*** Opening RECORDED DATA ***
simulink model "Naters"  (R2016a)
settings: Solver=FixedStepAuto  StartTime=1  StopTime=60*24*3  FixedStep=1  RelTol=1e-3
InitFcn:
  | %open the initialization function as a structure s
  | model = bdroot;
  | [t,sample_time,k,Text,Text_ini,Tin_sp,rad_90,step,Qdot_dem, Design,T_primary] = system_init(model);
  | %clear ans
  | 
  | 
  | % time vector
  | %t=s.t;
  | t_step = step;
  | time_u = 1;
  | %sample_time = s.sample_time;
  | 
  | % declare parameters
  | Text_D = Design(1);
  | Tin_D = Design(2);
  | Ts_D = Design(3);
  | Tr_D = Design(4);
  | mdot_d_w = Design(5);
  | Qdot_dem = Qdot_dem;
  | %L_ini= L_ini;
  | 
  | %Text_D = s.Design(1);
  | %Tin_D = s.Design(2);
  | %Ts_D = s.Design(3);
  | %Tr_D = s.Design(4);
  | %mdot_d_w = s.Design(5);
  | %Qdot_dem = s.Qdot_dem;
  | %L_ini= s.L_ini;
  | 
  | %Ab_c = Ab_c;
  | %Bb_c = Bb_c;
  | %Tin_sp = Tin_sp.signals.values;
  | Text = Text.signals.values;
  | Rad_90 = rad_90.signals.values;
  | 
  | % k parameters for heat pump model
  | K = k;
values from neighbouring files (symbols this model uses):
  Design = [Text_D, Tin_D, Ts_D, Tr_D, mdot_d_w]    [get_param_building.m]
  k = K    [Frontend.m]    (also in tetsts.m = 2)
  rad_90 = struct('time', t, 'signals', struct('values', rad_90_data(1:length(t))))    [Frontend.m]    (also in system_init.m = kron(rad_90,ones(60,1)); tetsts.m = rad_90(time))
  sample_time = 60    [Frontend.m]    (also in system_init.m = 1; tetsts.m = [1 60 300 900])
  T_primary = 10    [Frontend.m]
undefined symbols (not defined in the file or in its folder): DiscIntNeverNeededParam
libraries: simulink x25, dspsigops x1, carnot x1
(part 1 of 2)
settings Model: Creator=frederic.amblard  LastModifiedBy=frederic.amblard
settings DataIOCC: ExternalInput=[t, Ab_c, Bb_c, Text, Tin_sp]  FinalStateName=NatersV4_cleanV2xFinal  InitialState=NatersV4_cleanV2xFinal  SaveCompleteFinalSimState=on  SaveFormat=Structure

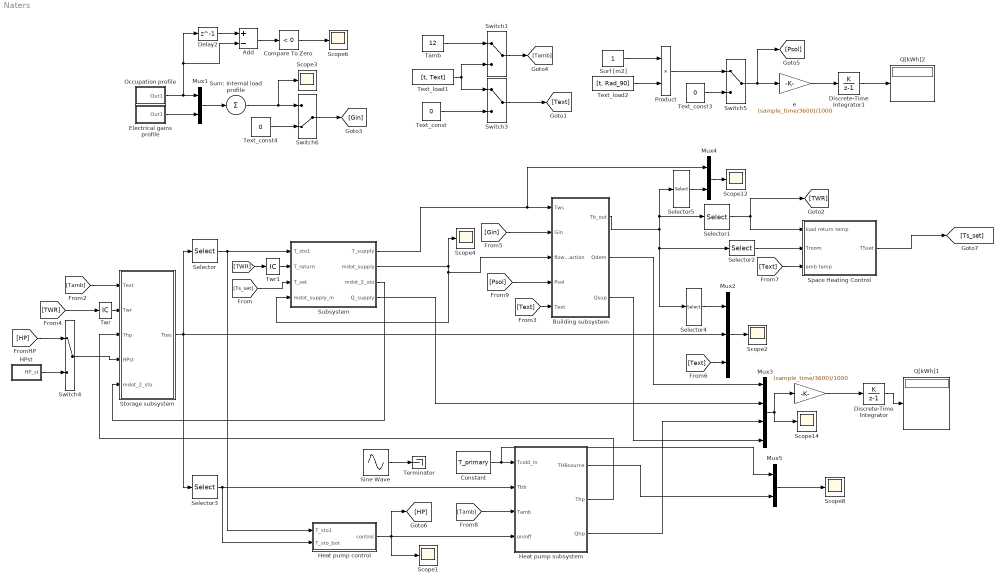
== system Naters ==
  . : Gain  Gain=(sample_time/3600)/1000  SaturateOnIntegerOverflow=on  OutDataTypeStr=Inherit: Same as input  ParamDataTypeStr=Inherit: Same as input
  Add : Sum  Inputs=+-
  Building subsystem : Subsystem
  Compare To Zero : simulink/Logic and Bit Operations/Compare To Zero  relop=<  OutDataTypeStr=uint8
  Constant : Constant  Value=T_primary
  Delay2 : Delay  DelayLength=1  InitialCondition=0
  Discrete-Time Integrator : DiscreteIntegrator  IntegratorMethod=Accumulation: Forward Euler  InitialConditionSetting=State (most efficient)  SampleTime=-1  ICPrevOutput=DiscIntNeverNeededParam  ICPrevScaledInput=DiscIntNeverNeededParam
  Discrete-Time Integrator1 : DiscreteIntegrator  IntegratorMethod=Accumulation: Forward Euler  InitialConditionSetting=State (most efficient)  SampleTime=-1  ICPrevOutput=DiscIntNeverNeededParam  ICPrevScaledInput=DiscIntNeverNeededParam
  Electrical gains profile : Subsystem  mask{period=24*3600/sample_time, rep_seq_t=[0 1 6 7 8 9 11 12 13 18 19 20 22 23]*3600/sample_time, rep_seq_d=[1 5 1 1 1 2 1 1 4 2 1 2 1 1]*3600/sample_time, rep_seq_y=[105 55 392.5 457.5 420 55 250 55 120 170 615 420 442.5 355]*3600/sample_time}
      mask prompts: period "Timeperiod in h"; rep_seq_t "Time values in h"; rep_seq_d "Duration in h"; rep_seq_y "Output values"
  HPst : Subsystem  mask{period=24*3600/sample_time, rep_seq_t=[0 6 7 8 9 11 12 13 14 15 17 18 20 21 22]*3600/sample_time, rep_seq_d=[6 1 1 1 2 1 1 1 1 2 1 2 1 1 2]*3600/sample_time, rep_seq_y=[1 1 1 0 0 0 1 1 1 0 0 1 1 1 1]*3600/sample_time}
      mask prompts: period "Timeperiod in h"; rep_seq_t "Time values in h"; rep_seq_d "Duration in h"; rep_seq_y "Output values"
  Heat pump control : Subsystem
  Heat pump subsystem : Subsystem  mask{K=K, caph=80000, capc=50000, cp=4185, DT=4, UA=7, Qdot_D=Qdot_dem}
      mask prompts: K "Param K"; caph "Thermal capacity hot side [J/K]"; capc "Thermal capacity cold side [J/K]"; cp "Heat capacity of water [J/(kg·K)]"; DT "Delta temperature fixed cold side"; UA "Heat loss coefficient [W/K]"; Qdot_D "Design thermal power [W]"
      mask init:
      | mcdot = 1000*Qdot_D/(DT*cp) / 1000; % mass flow [kg/s]
  Mux1 : Mux  Inputs=2
  Mux2 : Mux  Inputs=3
  Mux3 : Mux
  Mux4 : Mux  Inputs=2
  Mux5 : Mux  Inputs=2
  Occupation profile : Subsystem  mask{period=24*3600/sample_time, rep_seq_t=[0 6 7 8 9 11 12 13 14 15 17 18 20 21 22]*3600/sample_time, rep_seq_d=[6 1 1 1 2 1 1 1 1 2 1 2 1 1 2]*3600/sample_time, rep_seq_y=[4 2 3 2 0 1 3 2 1 0 1 2 4 3 4]*60*3600/sample_time}
      mask prompts: period "Timeperiod in h"; rep_seq_t "Time values in h"; rep_seq_d "Duration in h"; rep_seq_y "Output values"
  Product : Product
  Q[kWh]1 : Display
  Q[kWh]2 : Display
  Scope{1..4,6,8,12,14} (8 alike) : Scope
  Selector : Selector  InputPortWidth=3  IndexOptions=Index vector (dialog)  Indices=[1]  OutputSizes=1
  Selector1 : Selector  InputPortWidth=5  IndexOptions=Index vector (dialog)  Indices=[4]  OutputSizes=1
  Selector2 : Selector  InputPortWidth=5  IndexOptions=Index vector (dialog)  Indices=[5]  OutputSizes=1
  Selector3 : Selector  InputPortWidth=3  IndexOptions=Index vector (dialog)  Indices=[3]  OutputSizes=1
  Selector4 : Selector  InputPortWidth=5  IndexOptions=Index vector (dialog)  Indices=[1, 4, 5]  OutputSizes=1
  Selector5 : Selector  InputPortWidth=5  IndexOptions=Index vector (dialog)  Indices=[1, 2, 3, 4]  OutputSizes=1
  Sine Wave : Sin  SineType=Sample based  Bias=10  Samples=sample_time*100  SampleTime=1  Offset=100
  Space Heating Control : Subsystem  mask{Tset=Tin_D, Tsetn=Tin_D, Q_LOC=Qdot_dem, Td_in=Ts_D, Td_out=Tr_D, Tambd=Text_D, n_rad=1}
      mask prompts: Tset "desired room day Temperature [°C]"; Tsetn "desired room night Temperature [°C]"; Q_LOC "design heat load [W]"; Td_in "design inlet temperature of the heating system [°C]"; Td_out "design outlet temperature of the heating system [°C]"; Tambd "design outdoor temperature"; n_rad "radiatior exponent"
      mask init:
      | dTd = 0.5*(Td_in + Td_out) - Tset;
      | dTdn = 0.5*(Td_in + Td_out) - Tsetn;
  Storage subsystem : Subsystem
  Subsystem : Subsystem
  Sum: Internal load profile : Sum  Inputs=+
  Surf [m2] : Constant
  Switch{1,3..5} (4 alike) : ManualSwitch
  Switch6 : ManualSwitch  CurrentSetting=0
  Tamb : Constant  Value=12
  Terminator : Terminator
  Text_const : Constant  Value=0
  Text_const3 : Constant  Value=0
  Text_const4 : Constant  Value=0
  Text_load1 : FromWorkspace  Tag=Tin_sp  Description=Temperature signal of the room  VariableName=[t, Text]  SampleTime=1  Interpolate=off  OutputAfterFinalValue=Setting to zero
  Text_load2 : FromWorkspace  Tag=Tin_sp  Description=Temperature signal of the room  VariableName=[t, Rad_90]  SampleTime=1  Interpolate=off  OutputAfterFinalValue=Setting to zero
  Twr : InitialCondition  Value=23
  Twr1 : InitialCondition  Value=23
  e : Gain  Gain=(sample_time/3600)/1000  SaturateOnIntegerOverflow=on  OutDataTypeStr=Inherit: Same as input  ParamDataTypeStr=Inherit: Same as input
  wires:
  Text_load1/1 -> Switch1/2, Switch3/1
  Text_const/1 -> Switch3/2
  Switch3/1 -> [Text]
  [Tamb] -> Storage subsystem/1(Text)
  Storage subsystem/1(Ttes) -> Selector3/1, Mux2/2, Selector/1
  Occupation profile/1(Out1) -> Add/2, Delay2/1, Mux1/1
  Electrical gains profile/1(Out1) -> Mux1/2
  Mux1/1 -> Sum: Internal load profile/1
  Sum: Internal load profile/1 -> Scope3/1, Switch6/1
  Building subsystem/1(Tb_out) -> Selector2/1, Selector4/1, Selector5/1, Selector1/1
  Selector1/1 -> [TWR], Space Heating Control/1(load return temp)
  [TWR] -> Twr/1
  Twr/1 -> Storage subsystem/2(Twr)
  [Gin] -> Building subsystem/2(Gin)
  Text_load2/1 -> Product/2
  Mux2/1 -> Scope2/1
  HPst/1(HP_st) -> Switch4/2
  [Text] -> Mux2/3
  Tamb/1 -> Switch1/1
  Switch1/1 -> [Tamb]
  Selector2/1 -> Space Heating Control/2(Troom)
  [Text] -> Space Heating Control/3(amb temp)
  ? -> ?
  Switch4/1 -> Storage subsystem/4(HPst)
  [HP] -> Switch4/1
  Selector3/1 -> Heat pump subsystem/2(Tbb), Heat pump control/2(T_sto_bot)
  [Tamb] -> Heat pump subsystem/3(Tamb)
  Heat pump control/1(control) -> [HP], Scope1/1, Heat pump subsystem/4(on/off)
  Heat pump subsystem/1(THBsource) -> Mux5/2
  Heat pump subsystem/2(Thp) -> Storage subsystem/3(Thp)
  Sine Wave/1 -> Terminator/1
  Surf [m2]/1 -> Product/1
  Product/1 -> Switch5/1
  [Psol] -> Building subsystem/4(Psol)
  Building subsystem/2(Qdem) -> Mux3/1
  Selector/1 -> Subsystem/1(T_sto1), Heat pump control/1(T_sto1)
  Mux3/1 -> ./1, Scope14/1
  Discrete-Time Integrator/1 -> Q[kWh]1/1
  ./1 -> Discrete-Time Integrator/1
  Text_const3/1 -> Switch5/2
  Switch5/1 -> [Psol], e/1
  Text_const4/1 -> Switch6/2
  Switch6/1 -> [Gin]
  Heat pump subsystem/3(Qhp) -> Mux3/3
  [Text] -> Building subsystem/5(Text)
  Delay2/1 -> Add/1
  Add/1 -> Compare To Zero/1
  Compare To Zero/1 -> Scope6/1
  [TWR] -> Twr1/1
  [Ts_set] -> Subsystem/3(T_set)
  Subsystem/3(mdot_2_sto) -> Storage subsystem/5(mdot_2_sto)
  Subsystem/2(mdot_supply) -> Subsystem/4(mdot_supply_in), Building subsystem/3(flow_fraction), Scope4/1
  Subsystem/4(Q_supply) -> Mux3/2
  Twr1/1 -> Subsystem/2(T_return)
  Subsystem/1(T_supply) -> Mux4/1, Building subsystem/1(Tws)
  Selector4/1 -> Mux2/1
  Selector5/1 -> Mux4/2
  Mux4/1 -> Scope12/1
  Space Heating Control/1(TSset) -> [Ts_set]
  e/1 -> Discrete-Time Integrator1/1
  Discrete-Time Integrator1/1 -> Q[kWh]2/1
  Building subsystem/3(Qsup) -> Mux3/4
  Mux5/1 -> Scope8/1
  Constant/1 -> Mux5/1, Heat pump subsystem/1(Tcold_in)

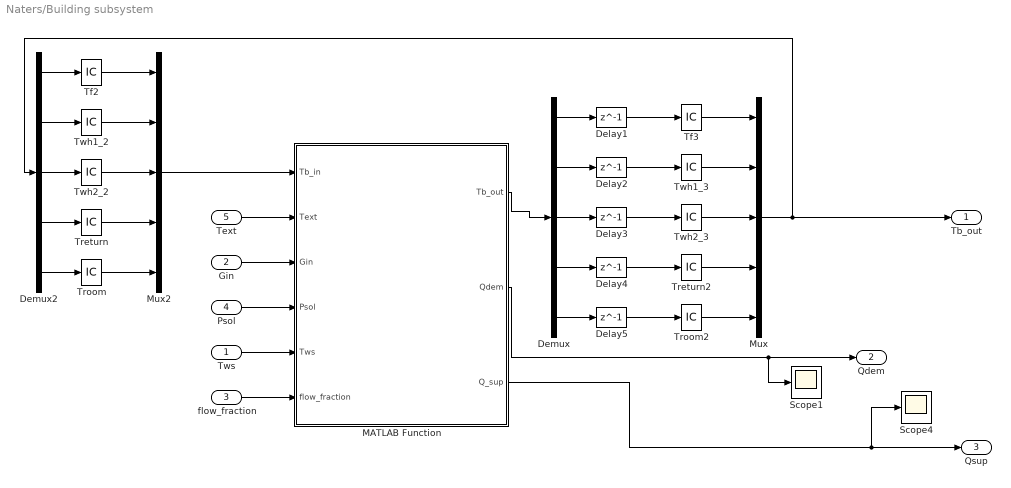
== system Naters/Building subsystem ==
  Tws : Inport
  Gin : Inport  Port=2
  flow_fraction : Inport  Port=3
  Psol : Inport  Port=4
  Text : Inport  Port=5
  Delay1 : Delay  DelayLength=1  InitialCondition=0  InputProcessing=Inherited
  Delay2 : Delay  DelayLength=1  InitialCondition=0  InputProcessing=Inherited
  Delay3 : Delay  DelayLength=1  InitialCondition=0
  Delay4 : Delay  DelayLength=1  InitialCondition=0  InputProcessing=Inherited
  Delay5 : Delay  DelayLength=1  InitialCondition=0
  Demux : Demux  Outputs=5
  Demux2 : Demux  Outputs=5
  MATLAB Function : MATLAB Function  TreatAsAtomicUnit=on  mask{sample_time=sample_time}
  Mux : Mux  Inputs=5
  Mux2 : Mux  Inputs=5
  Scope1 : Scope
  Scope4 : Scope
  Tf2 : InitialCondition  Value=22
  Tf3 : InitialCondition  Value=22
  Treturn : InitialCondition  Value=23
  Treturn2 : InitialCondition  Value=23
  Troom : InitialCondition  Value=20
  Troom2 : InitialCondition  Value=20
  Twh1_2 : InitialCondition  Value=25
  Twh1_3 : InitialCondition  Value=25
  Twh2_2 : InitialCondition  Value=24
  Twh2_3 : InitialCondition  Value=24
  Tb_out : Outport
  Qdem : Outport  Port=2
  Qsup : Outport  Port=3
  wires:
  MATLAB Function/1(Tb_out) -> Demux/1
  Demux/2 -> Delay2/1
  Demux/3 -> Delay3/1
  flow_fraction/1 -> MATLAB Function/6(flow_fraction)
  Gin/1 -> MATLAB Function/3(Gin)
  Psol/1 -> MATLAB Function/4(Psol)
  MATLAB Function/2(Qdem) -> Scope1/1, Qdem/1
  Tws/1 -> MATLAB Function/5(Tws)
  Text/1 -> MATLAB Function/2(Text)
  Demux/1 -> Delay1/1
  Demux2/2 -> Twh1_2/1
  Demux2/3 -> Twh2_2/1
  Mux2/1 -> MATLAB Function/1(Tb_in)
  Twh1_2/1 -> Mux2/2
  Twh2_2/1 -> Mux2/3
  Demux2/1 -> Tf2/1
  Tf2/1 -> Mux2/1
  Demux2/4 -> Treturn/1
  Demux2/5 -> Troom/1
  Demux/4 -> Delay4/1
  Demux/5 -> Delay5/1
  Treturn/1 -> Mux2/4
  Troom/1 -> Mux2/5
  Mux/1 -> Demux2/1, Tb_out/1
  Delay2/1 -> Twh1_3/1
  Delay3/1 -> Twh2_3/1
  Delay1/1 -> Tf3/1
  Delay4/1 -> Treturn2/1
  Delay5/1 -> Troom2/1
  Treturn2/1 -> Mux/4
  Twh1_3/1 -> Mux/2
  Troom2/1 -> Mux/5
  Tf3/1 -> Mux/1
  Twh2_3/1 -> Mux/3
  MATLAB Function/3(Q_sup) -> Scope4/1, Qsup/1

== system Naters/Electrical gains profile ==
  Pulse Generator : DiscretePulseGenerator  PulseType=Time based  Amplitude=rep_seq_y  Period=period  PulseWidth=rep_seq_d*100/period  PhaseDelay=rep_seq_t
  Sum of Elements : Sum  Inputs=+
  Out1 : Outport
  wires:
  Sum of Elements/1 -> Out1/1
  Pulse Generator/1 -> Sum of Elements/1

== system Naters/HPst ==
  Pulse Generator : DiscretePulseGenerator  PulseType=Time based  Amplitude=rep_seq_y  Period=period  PulseWidth=rep_seq_d*100/period  PhaseDelay=rep_seq_t
  Sum of Elements : Sum  Inputs=+
  HP_st : Outport
  wires:
  Sum of Elements/1 -> HP_st/1
  Pulse Generator/1 -> Sum of Elements/1

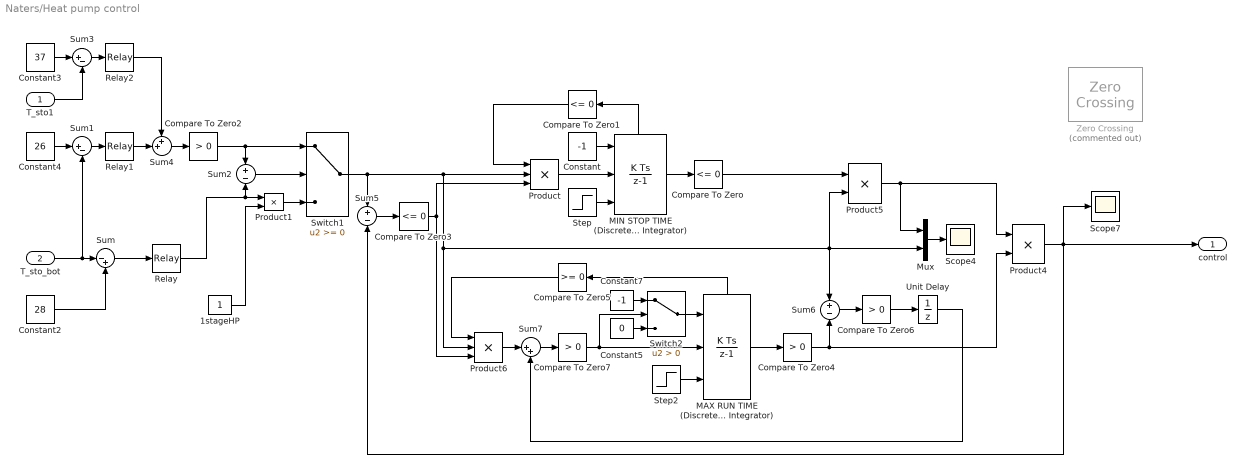
== system Naters/Heat pump control ==
  T_sto1 : Inport
  T_sto_bot : Inport  Port=2
  1stageHP : Constant
  Compare To Zero : simulink/Logic and Bit Operations/Compare To Zero  relop=<=  OutDataTypeStr=uint8
  Compare To Zero1 : simulink/Logic and Bit Operations/Compare To Zero  relop=<=  OutDataTypeStr=uint8
  Compare To Zero2 : simulink/Logic and Bit Operations/Compare To Zero  relop=>  OutDataTypeStr=boolean
  Compare To Zero3 : simulink/Logic and Bit Operations/Compare To Zero  relop=<=  OutDataTypeStr=uint8
  Compare To Zero4 : simulink/Logic and Bit Operations/Compare To Zero  relop=>  OutDataTypeStr=uint8
  Compare To Zero5 : simulink/Logic and Bit Operations/Compare To Zero  relop=>=  OutDataTypeStr=uint8
  Compare To Zero6 : simulink/Logic and Bit Operations/Compare To Zero  relop=>  OutDataTypeStr=uint8
  Compare To Zero7 : simulink/Logic and Bit Operations/Compare To Zero  relop=>  OutDataTypeStr=uint8
  Constant : Constant  Value=-1
  Constant2 : Constant  Value=28
  Constant3 : Constant  Value=37
  Constant4 : Constant  Value=26
  Constant5 : Constant  Value=0  SampleTime=-1
  Constant7 : Constant  Value=-1  SampleTime=-1
  MAX RUN TIME (Discrete-Time Integrator) : DiscreteIntegrator  ExternalReset=falling  InitialConditionSource=external  InitialConditionSetting=State (most efficient)  SampleTime=-1  LowerSaturationLimit=0  ShowStatePort=on  IgnoreLimit=on  ICPrevOutput=DiscIntNeverNeededParam  ICPrevScaledInput=DiscIntNeverNeededParam
  MIN STOP TIME (Discrete-Time Integrator) : DiscreteIntegrator  ExternalReset=falling  InitialConditionSource=external  InitialConditionSetting=State (most efficient)  SampleTime=-1  LimitOutput=on  LowerSaturationLimit=0  ShowStatePort=on  ICPrevOutput=DiscIntNeverNeededParam  ICPrevScaledInput=DiscIntNeverNeededParam
  Mux : Mux  Inputs=2
  Product : Product  Inputs=3  RndMeth=Zero
  Product1 : Product  RndMeth=Zero
  Product4 : Product  RndMeth=Zero
  Product5 : Product  RndMeth=Zero
  Product6 : Product  Inputs=3  RndMeth=Zero
  Relay : Relay  OnSwitchValue=1  OffSwitchValue=-6
  Relay1 : Relay  OnSwitchValue=1  OffSwitchValue=-2
  Relay2 : Relay  OnSwitchValue=1  OffSwitchValue=-6
  Scope4 : Scope
  Scope7 : Scope
  Step : Step  After=(15*60)/sample_time  SampleTime=1
  Step2 : Step  After=180000/sample_time  SampleTime=1  VectorParams1D=off
  Sum : Sum  Inputs=|-+
  Sum1 : Sum  Inputs=|+-
  Sum2 : Sum  Inputs=+|-
  Sum3 : Sum  Inputs=|+-
  Sum4 : Sum  Inputs=++|
  Sum5 : Sum  Inputs=+|-
  Sum6 : Sum  Inputs=+|-
  Sum7 : Sum  Inputs=|++
  Switch1 : Switch
  Switch2 : Switch  Criteria=u2 > Threshold
  Unit Delay : UnitDelay  SampleTime=-1
  Zero Crossing : dspsigops/Zero Crossing  Commented=on  InputProcessing=Columns as channels (frame based)
  control : Outport
  wires:
  T_sto_bot/1 -> Sum/1, Sum1/2
  Constant2/1 -> Sum/2
  Sum/1 -> Relay/1
  Product/1 -> MIN STOP TIME (Discrete-Time Integrator)/2
  MIN STOP TIME (Discrete-Time Integrator)/State -> Compare To Zero1/1
  Constant/1 -> MIN STOP TIME (Discrete-Time Integrator)/1
  Step/1 -> MIN STOP TIME (Discrete-Time Integrator)/3
  MIN STOP TIME (Discrete-Time Integrator)/1 -> Compare To Zero/1
  Mux/1 -> Scope4/1
  Compare To Zero/1 -> Product5/1
  Product5/1 -> Mux/1, Product4/1
  MAX RUN TIME (Discrete-Time Integrator)/State -> Compare To Zero5/1
  Step2/1 -> MAX RUN TIME (Discrete-Time Integrator)/3
  Relay/1 -> Product1/1, Sum2/2
  1stageHP/1 -> Product1/2
  Constant4/1 -> Sum1/1
  Sum1/1 -> Relay1/1
  Sum4/1 -> Compare To Zero2/1
  Product1/1 -> Switch1/3
  Sum2/1 -> Switch1/2
  Constant3/1 -> Sum3/1
  T_sto1/1 -> Sum3/2
  Sum3/1 -> Relay2/1
  Relay2/1 -> Sum4/1
  Relay1/1 -> Sum4/2
  Compare To Zero2/1 -> Switch1/1, Sum2/1
  Switch1/1 -> Product/2, Product6/2, Product5/2, Mux/2, Sum6/1, Sum5/1
  Sum5/1 -> Compare To Zero3/1
  Sum6/1 -> Compare To Zero6/1
  Product6/1 -> Sum7/1
  Compare To Zero6/1 -> Unit Delay/1
  Compare To Zero4/1 -> Sum6/2, Product4/2
  Compare To Zero3/1 -> Product/3, Product6/3
  Sum7/1 -> Compare To Zero7/1
  Compare To Zero7/1 -> Switch2/2, MAX RUN TIME (Discrete-Time Integrator)/2
  Unit Delay/1 -> Sum7/2
  Constant7/1 -> Switch2/1
  Compare To Zero5/1 -> Product6/1
  MAX RUN TIME (Discrete-Time Integrator)/1 -> Compare To Zero4/1
  Switch2/1 -> MAX RUN TIME (Discrete-Time Integrator)/1
  Constant5/1 -> Switch2/3
  Compare To Zero1/1 -> Product/1
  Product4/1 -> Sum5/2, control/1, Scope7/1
*** Closing RECORDED DATA ***
* REQUIRED WORK: Please copy the lines above exactly, starting at the line that holds "Sum of Elements/1 -> HP_st/1" and ending at the line that holds "Constant7 : Constant"; include both, but no pictures.

* TASK RESPONSE:
  Sum of Elements/1 -> HP_st/1
  Pulse Generator/1 -> Sum of Elements/1

== system Naters/Heat pump control ==
  T_sto1 : Inport
  T_sto_bot : Inport  Port=2
  1stageHP : Constant
  Compare To Zero : simulink/Logic and Bit Operations/Compare To Zero  relop=<=  OutDataTypeStr=uint8
  Compare To Zero1 : simulink/Logic and Bit Operations/Compare To Zero  relop=<=  OutDataTypeStr=uint8
  Compare To Zero2 : simulink/Logic and Bit Operations/Compare To Zero  relop=>  OutDataTypeStr=boolean
  Compare To Zero3 : simulink/Logic and Bit Operations/Compare To Zero  relop=<=  OutDataTypeStr=uint8
  Compare To Zero4 : simulink/Logic and Bit Operations/Compare To Zero  relop=>  OutDataTypeStr=uint8
  Compare To Zero5 : simulink/Logic and Bit Operations/Compare To Zero  relop=>=  OutDataTypeStr=uint8
  Compare To Zero6 : simulink/Logic and Bit Operations/Compare To Zero  relop=>  OutDataTypeStr=uint8
  Compare To Zero7 : simulink/Logic and Bit Operations/Compare To Zero  relop=>  OutDataTypeStr=uint8
  Constant : Constant  Value=-1
  Constant2 : Constant  Value=28
  Constant3 : Constant  Value=37
  Constant4 : Constant  Value=26
  Constant5 : Constant  Value=0  SampleTime=-1
  Constant7 : Constant  Value=-1  SampleTime=-1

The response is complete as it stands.